▶ **YOUR TASK**: Your answer must consist of exactly the lines below, starting with the line with "plane through (0, 0, 0)" and going on through the line with "line L6 (90, 5) -> (60, 5)", and nothing else.

▶ **PROVIDED DATA**:
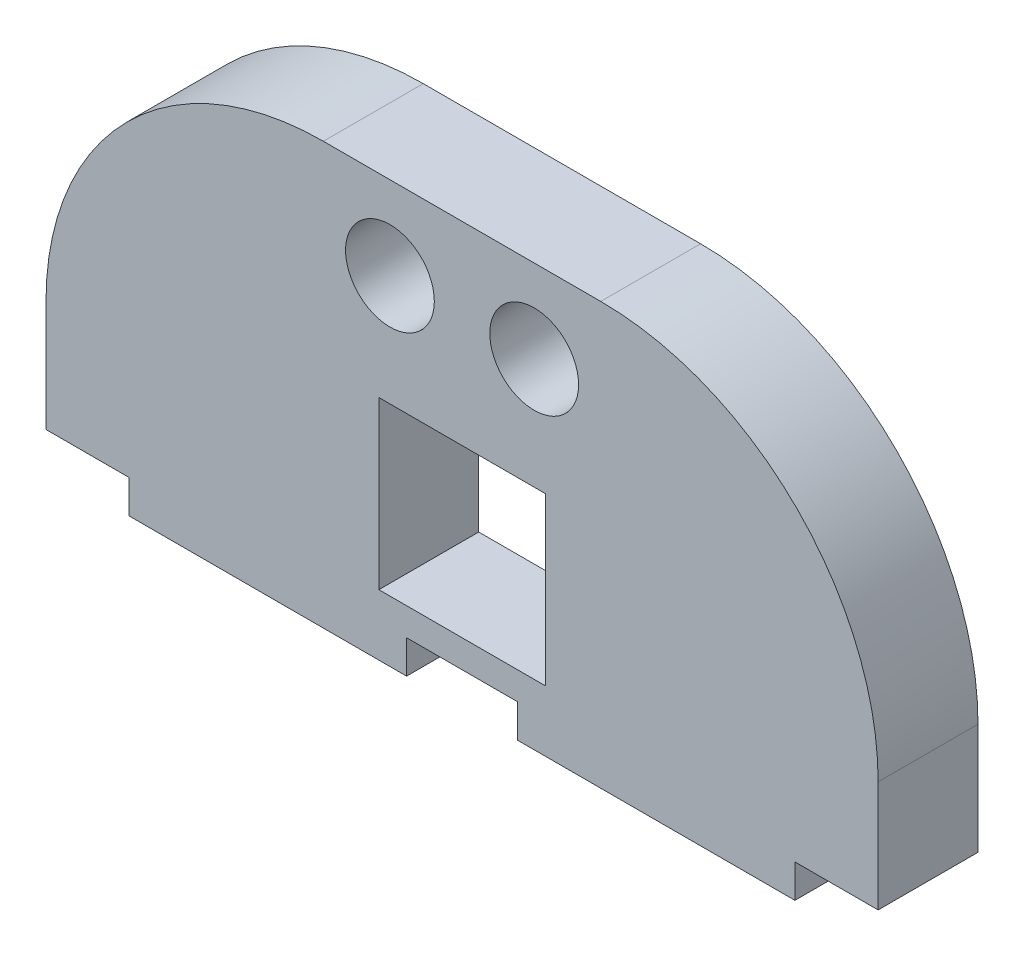
SolidWorks part; units mm, degrees
ref_plane "Plan de face" through (0, 0, 0) normal (0, 0, 1) x (1, 0, 0)
ref_plane "Plan de dessus" through (0, 0, 0) normal (0, 1, 0) x (1, 0, 0)
ref_plane "Plan de droite" through (0, 0, 0) normal (1, 0, 0) x (0, 0, -1)
sketch "Esquisse1" plane through (0, 0, 0) normal (0, 0, 1) x (1, 0, 0)
  line L0 (0, 0) -> (0, 20)
  line L2 (150, 0) -> (150, 20)
  line L3 (50, 70) -> (100, 70)
  line L4 (60, 35) -> (90, 35)
  line L5 (90, 35) -> (90, 5)
  line L6 (90, 5) -> (60, 5)
  line L7 (60, 5) -> (60, 35)
  line L8 (0, 0) -> (15, 0)
  line L9 (15, 0) -> (15, -6)
  line L10 (15, -6) -> (65, -6)
  line L11 (65, -6) -> (65, 0)
  line L12 (65, 0) -> (85, 0)
  line L13 (85, 0) -> (85, -6)
  line L14 (85, -6) -> (135, -6)
  line L15 (135, -6) -> (135, 0)
  line L16 (135, 0) -> (150, 0)
  arc A0 (0, 20) -> (50, 70) centre (50, 20) cw
  arc A1 (150, 20) -> (100, 70) centre (100, 20) ccw
  circle A2 centre (62, 55) radius 8
  circle A3 centre (88, 55) radius 8
  dimension "D10" = 26
  dimension "D14" = 16
  dimension "D15" = 16
  dimension "D1" = 150
  dimension "D2" = 50
  dimension "D3" = 50
  dimension "D4" = 50
  dimension "D5" = 20
  dimension "D6" = 60
  dimension "D7" = 15
  dimension "D8" = 30
  dimension "D9" = 30
  dimension "D11" = 15
  dimension "D12" = 15
  dimension "D13" = 62
  dimension "D16" = 50
  dimension "D17" = 20
  dimension "D18" = 50
  dimension "D19" = 15
  dimension "D20" = 6
  dimension "D21" = 6
  dimension "D22" = 5
extrude "Boss.-Extru.1" add sketch "Esquisse1" along normal blind 18

▶ **ANSWER**:
sketch "Esquisse1" plane through (0, 0, 0) normal (0, 0, 1) x (1, 0, 0)
  line L0 (0, 0) -> (0, 20)
  line L2 (150, 0) -> (150, 20)
  line L3 (50, 70) -> (100, 70)
  line L4 (60, 35) -> (90, 35)
  line L5 (90, 35) -> (90, 5)
  line L6 (90, 5) -> (60, 5)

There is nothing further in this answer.